Without the pictures, retype exactly the lines from the top of the entries below through the line that contains "C12: 10u; C_0603_1608Metric; JLC C19702".

[[ DATASET EXCERPTS open ]]

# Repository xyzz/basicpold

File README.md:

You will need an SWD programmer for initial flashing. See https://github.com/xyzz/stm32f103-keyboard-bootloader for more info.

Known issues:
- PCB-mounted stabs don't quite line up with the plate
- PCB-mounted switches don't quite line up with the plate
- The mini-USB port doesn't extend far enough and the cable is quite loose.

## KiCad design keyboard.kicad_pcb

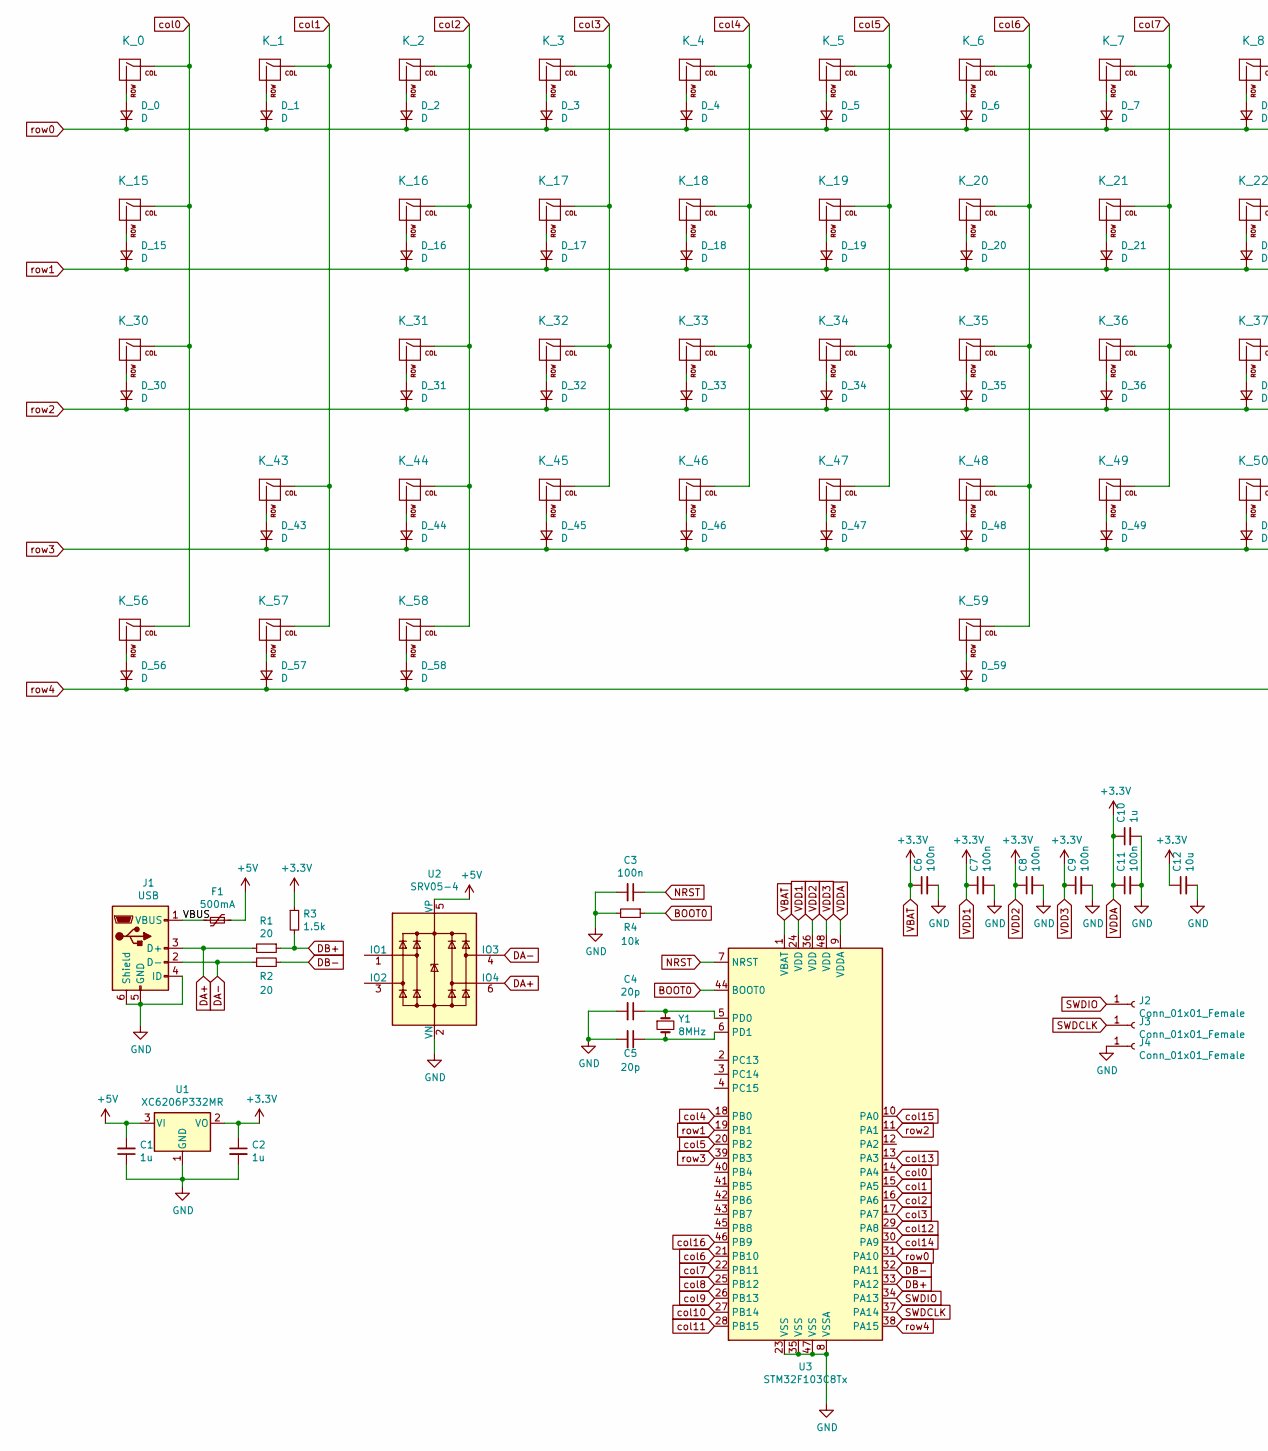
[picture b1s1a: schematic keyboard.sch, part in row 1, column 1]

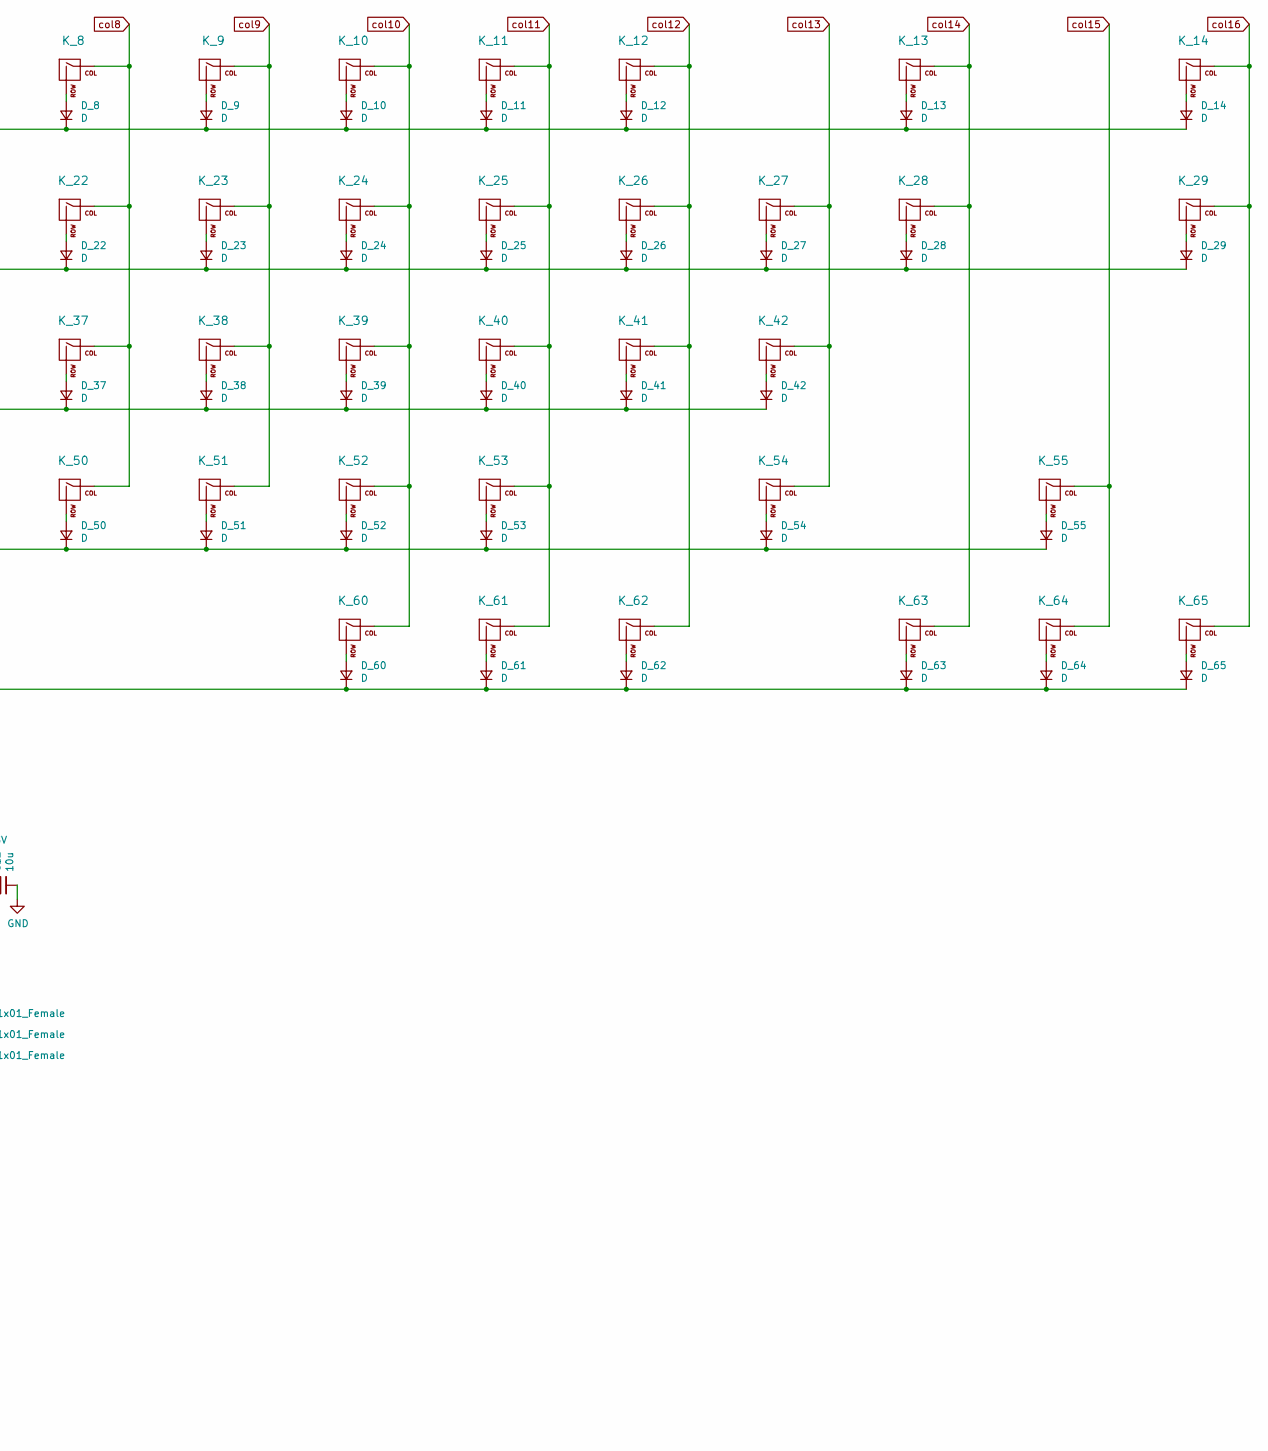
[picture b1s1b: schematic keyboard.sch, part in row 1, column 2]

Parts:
C1, C2, C10: 1u; C_0603_1608Metric; JLC C15849
C3, C6, C7, C8, C9, C11: 100n; C_0603_1608Metric; JLC C14663
C4, C5: 20p; C_0603_1608Metric; JLC C1648
C12: 10u; C_0603_1608Metric; JLC C19702
D_0, D_1, D_2, D_3, D_4, D_5, D_6, D_7, D_8, D_9, D_10, D_11, D_12, D_13, D_14, D_15, D_16, D_17, D_18, D_19, D_20, D_21, D_22, D_23, D_24, D_25, D_26, D_27, D_28, D_29, D_30, D_31, D_32, D_33, D_34, D_35, D_36, D_37, D_38, D_39, D_40, D_41, D_42, D_43, D_44, D_45, D_46, D_47, D_48, D_49, D_50, D_51, D_52, D_53, D_54, D_55, D_56, D_57, D_58, D_59, D_60, D_61, D_62, D_63, D_64, D_65: D; D_SOD-123; JLC C64898
F1: 500mA; Fuse_1206_3216Metric; JLC C369159
J1: USB; USB-Mini-B_ LCSC-C46398
J2, J3, J4: Conn_01x01_Female; TestPoint_Pad_D1.5mm
K_0, K_1, K_2, K_3, K_4, K_5, K_6, K_7, K_8, K_9, K_10, K_11, K_12, K_14, K_16, K_17, K_18, K_19, K_20, K_21, K_22, K_23, K_24, K_25, K_26, K_27, K_29, K_31, K_32, K_33, K_34, K_35, K_36, K_37, K_38, K_39, K_40, K_41, K_44, K_45, K_46, K_47, K_48, K_49, K_50, K_51, K_52, K_53, K_55, K_57, K_63, K_64, K_65: KEYSW; MXOnly-1U-NoLED
K_13: KEYSW; MXOnly-2U-NoLED
K_15, K_28: KEYSW; MXOnly-1.5U-NoLED
K_30: KEYSW; MXOnly-1.75U-NoLED
K_42, K_43, K_54: KEYSW; MXOnly-2.25U-NoLED
K_56, K_58, K_60, K_61, K_62: KEYSW; MXOnly-1.25U-NoLED
K_59: KEYSW; MXOnly-6.25U-ReversedStabilizers-NoLED
R1, R2: 20; R_0603_1608Metric; JLC C22950
R3: 1.5k; R_0603_1608Metric; JLC C22843
R4: 10k; R_0603_1608Metric; JLC C25804
U1: XC6206P332MR; SOT-23; JLC C5446
U2: SRV05-4; SOT-23-6; JLC C85364
U3: STM32F103C8Tx; LQFP-48_7x7mm_P0.5mm; JLC C8734
Y1: 8MHz; Crystal_SMD_5032-2Pin_5.0x3.2mm; JLC C115962

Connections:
+5V: C1.2, F1.1, U1.3 (VI), U2.5 (VP)
/VBUS: F1.2, J1.1 (VBUS)
BOOT0: R4.1, U3.44 (BOOT0)
DA+: J1.3 (D+), R1.2, U2.6 (IO4)
DA-: J1.2 (D-), R2.1, U2.4 (IO3)
DB+: R1.1, R3.2, U3.33 (PA12)
DB-: R2.2, U3.32 (PA11)
GND: C1.1, C2.2, C3.2, C4.2, C5.2, C6.2, C7.2, C8.2, C9.2, C10.2, C11.2, C12.2, J1.4 (ID), J1.5 (GND), J1.6 (Shield), J4.1, R4.2, U1.1 (GND), U2.2 (VN), U3.8 (VSSA), U3.23 (VSS), U3.35 (VSS), U3.47 (VSS)
NRST: C3.1, U3.7 (NRST)
unnamed: C4.1, U3.5 (PD0), Y1.1
unnamed: C5.1, U3.6 (PD1), Y1.2
unnamed: D_0.2 (A), K_0.2 (ROW)
unnamed: D_1.2 (A), K_1.2 (ROW)
unnamed: D_2.2 (A), K_2.2 (ROW)
unnamed: D_3.2 (A), K_3.2 (ROW)
unnamed: D_4.2 (A), K_4.2 (ROW)
unnamed: D_5.2 (A), K_5.2 (ROW)
unnamed: D_6.2 (A), K_6.2 (ROW)
unnamed: D_7.2 (A), K_7.2 (ROW)
unnamed: D_8.2 (A), K_8.2 (ROW)
unnamed: D_9.2 (A), K_9.2 (ROW)
unnamed: D_10.2 (A), K_10.2 (ROW)
unnamed: D_11.2 (A), K_11.2 (ROW)
unnamed: D_12.2 (A), K_12.2 (ROW)
unnamed: D_13.2 (A), K_13.2 (ROW)
unnamed: D_14.2 (A), K_14.2 (ROW)
unnamed: D_15.2 (A), K_15.2 (ROW)
unnamed: D_16.2 (A), K_16.2 (ROW)
unnamed: D_17.2 (A), K_17.2 (ROW)
unnamed: D_18.2 (A), K_18.2 (ROW)
unnamed: D_19.2 (A), K_19.2 (ROW)
unnamed: D_20.2 (A), K_20.2 (ROW)
unnamed: D_21.2 (A), K_21.2 (ROW)
unnamed: D_22.2 (A), K_22.2 (ROW)
unnamed: D_23.2 (A), K_23.2 (ROW)
unnamed: D_24.2 (A), K_24.2 (ROW)
unnamed: D_25.2 (A), K_25.2 (ROW)
unnamed: D_26.2 (A), K_26.2 (ROW)
unnamed: D_27.2 (A), K_27.2 (ROW)
unnamed: D_28.2 (A), K_28.2 (ROW)
unnamed: D_29.2 (A), K_29.2 (ROW)
unnamed: D_30.2 (A), K_30.2 (ROW)
unnamed: D_31.2 (A), K_31.2 (ROW)
unnamed: D_32.2 (A), K_32.2 (ROW)
unnamed: D_33.2 (A), K_33.2 (ROW)
unnamed: D_34.2 (A), K_34.2 (ROW)
unnamed: D_35.2 (A), K_35.2 (ROW)
unnamed: D_36.2 (A), K_36.2 (ROW)
unnamed: D_37.2 (A), K_37.2 (ROW)
unnamed: D_38.2 (A), K_38.2 (ROW)
unnamed: D_39.2 (A), K_39.2 (ROW)
unnamed: D_40.2 (A), K_40.2 (ROW)
unnamed: D_41.2 (A), K_41.2 (ROW)
unnamed: D_42.2 (A), K_42.2 (ROW)
unnamed: D_43.2 (A), K_43.2 (ROW)
unnamed: D_44.2 (A), K_44.2 (ROW)
unnamed: D_45.2 (A), K_45.2 (ROW)
unnamed: D_46.2 (A), K_46.2 (ROW)
unnamed: D_47.2 (A), K_47.2 (ROW)
unnamed: D_48.2 (A), K_48.2 (ROW)
unnamed: D_49.2 (A), K_49.2 (ROW)
unnamed: D_50.2 (A), K_50.2 (ROW)
unnamed: D_51.2 (A), K_51.2 (ROW)
unnamed: D_52.2 (A), K_52.2 (ROW)
unnamed: D_53.2 (A), K_53.2 (ROW)
unnamed: D_54.2 (A), K_54.2 (ROW)
unnamed: D_55.2 (A), K_55.2 (ROW)
unnamed: D_56.2 (A), K_56.2 (ROW)
unnamed: D_57.2 (A), K_57.2 (ROW)
unnamed: D_58.2 (A), K_58.2 (ROW)
unnamed: D_59.2 (A), K_59.2 (ROW)
unnamed: D_60.2 (A), K_60.2 (ROW)
unnamed: D_61.2 (A), K_61.2 (ROW)
unnamed: D_62.2 (A), K_62.2 (ROW)
unnamed: D_63.2 (A), K_63.2 (ROW)
unnamed: D_64.2 (A), K_64.2 (ROW)
unnamed: D_65.2 (A), K_65.2 (ROW)
SWDCLK: J3.1, U3.37 (PA14)
SWDIO: J2.1, U3.34 (PA13)
VBAT: C2.1, C6.1, C7.1, C8.1, C9.1, C10.1, C11.1, C12.1, R3.1, U1.2 (VO), U3.1 (VBAT), U3.9 (VDDA), U3.24 (VDD), U3.36 (VDD), U3.48 (VDD)
col0: K_0.1 (COL), K_15.1 (COL), K_30.1 (COL), K_56.1 (COL), U3.14 (PA4)
col1: K_1.1 (COL), K_43.1 (COL), K_57.1 (COL), U3.15 (PA5)
col2: K_2.1 (COL), K_16.1 (COL), K_31.1 (COL), K_44.1 (COL), K_58.1 (COL), U3.16 (PA6)
col3: K_3.1 (COL), K_17.1 (COL), K_32.1 (COL), K_45.1 (COL), U3.17 (PA7)
col4: K_4.1 (COL), K_18.1 (COL), K_33.1 (COL), K_46.1 (COL), U3.18 (PB0)
col5: K_5.1 (COL), K_19.1 (COL), K_34.1 (COL), K_47.1 (COL), U3.20 (PB2)
col6: K_6.1 (COL), K_20.1 (COL), K_35.1 (COL), K_48.1 (COL), K_59.1 (COL), U3.21 (PB10)
col7: K_7.1 (COL), K_21.1 (COL), K_36.1 (COL), K_49.1 (COL), U3.22 (PB11)
col8: K_8.1 (COL), K_22.1 (COL), K_37.1 (COL), K_50.1 (COL), U3.25 (PB12)
col9: K_9.1 (COL), K_23.1 (COL), K_38.1 (COL), K_51.1 (COL), U3.26 (PB13)
col10: K_10.1 (COL), K_24.1 (COL), K_39.1 (COL), K_52.1 (COL), K_60.1 (COL), U3.27 (PB14)
col11: K_11.1 (COL), K_25.1 (COL), K_40.1 (COL), K_53.1 (COL), K_61.1 (COL), U3.28 (PB15)
col12: K_12.1 (COL), K_26.1 (COL), K_41.1 (COL), K_62.1 (COL), U3.29 (PA8)
col13: K_27.1 (COL), K_42.1 (COL), K_54.1 (COL), U3.13 (PA3)
col14: K_13.1 (COL), K_28.1 (COL), K_63.1 (COL), U3.30 (PA9)
col15: K_55.1 (COL), K_64.1 (COL), U3.10 (PA0)
col16: K_14.1 (COL), K_29.1 (COL), K_65.1 (COL), U3.46 (PB9)
row0: D_0.1 (K), D_1.1 (K), D_2.1 (K), D_3.1 (K), D_4.1 (K), D_5.1 (K), D_6.1 (K), D_7.1 (K), D_8.1 (K), D_9.1 (K), D_10.1 (K), D_11.1 (K), D_12.1 (K), D_13.1 (K), D_14.1 (K), U3.31 (PA10)
row1: D_15.1 (K), D_16.1 (K), D_17.1 (K), D_18.1 (K), D_19.1 (K), D_20.1 (K), D_21.1 (K), D_22.1 (K), D_23.1 (K), D_24.1 (K), D_25.1 (K), D_26.1 (K), D_27.1 (K), D_28.1 (K), D_29.1 (K), U3.19 (PB1)
row2: D_30.1 (K), D_31.1 (K), D_32.1 (K), D_33.1 (K), D_34.1 (K), D_35.1 (K), D_36.1 (K), D_37.1 (K), D_38.1 (K), D_39.1 (K), D_40.1 (K), D_41.1 (K), D_42.1 (K), U3.11 (PA1)
row3: D_43.1 (K), D_44.1 (K), D_45.1 (K), D_46.1 (K), D_47.1 (K), D_48.1 (K), D_49.1 (K), D_50.1 (K), D_51.1 (K), D_52.1 (K), D_53.1 (K), D_54.1 (K), D_55.1 (K), U3.39 (PB3)
row4: D_56.1 (K), D_57.1 (K), D_58.1 (K), D_59.1 (K), D_60.1 (K), D_61.1 (K), D_62.1 (K), D_63.1 (K), D_64.1 (K), D_65.1 (K), U3.38 (PA15)

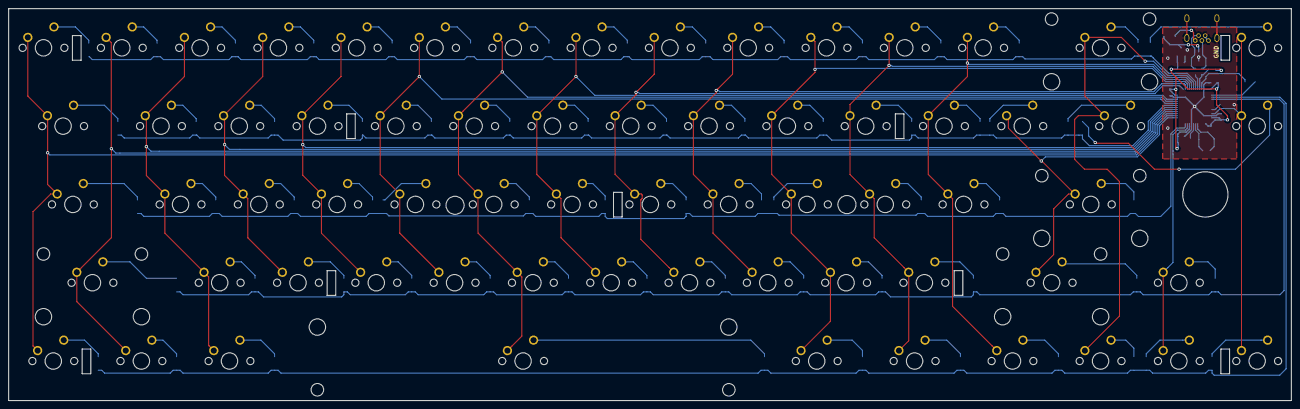
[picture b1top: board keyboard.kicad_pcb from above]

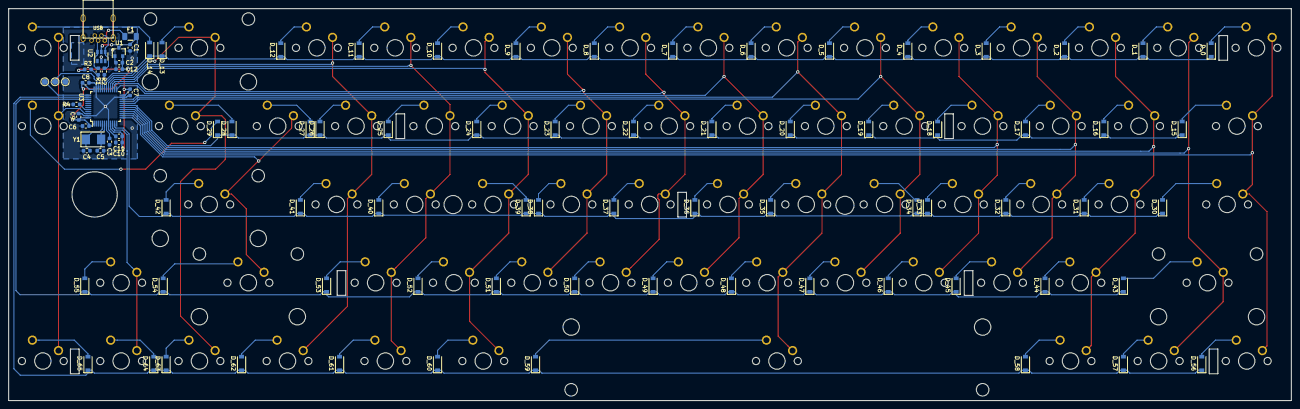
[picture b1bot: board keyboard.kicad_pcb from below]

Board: 2 copper layers, 311.8 x 95.2 mm, 157 parts (91 on the bottom side), 102 nets.

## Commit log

2020-01-29 initial

[[ DATASET EXCERPTS closed ]]

ANSWER SPACE
# Repository xyzz/basicpold

File README.md:

You will need an SWD programmer for initial flashing. See https://github.com/xyzz/stm32f103-keyboard-bootloader for more info.

Known issues:
- PCB-mounted stabs don't quite line up with the plate
- PCB-mounted switches don't quite line up with the plate
- The mini-USB port doesn't extend far enough and the cable is quite loose.

## KiCad design keyboard.kicad_pcb

[picture b1s1a: schematic keyboard.sch, part in row 1, column 1]

[picture b1s1b: schematic keyboard.sch, part in row 1, column 2]

Parts:
C1, C2, C10: 1u; C_0603_1608Metric; JLC C15849
C3, C6, C7, C8, C9, C11: 100n; C_0603_1608Metric; JLC C14663
C4, C5: 20p; C_0603_1608Metric; JLC C1648
C12: 10u; C_0603_1608Metric; JLC C19702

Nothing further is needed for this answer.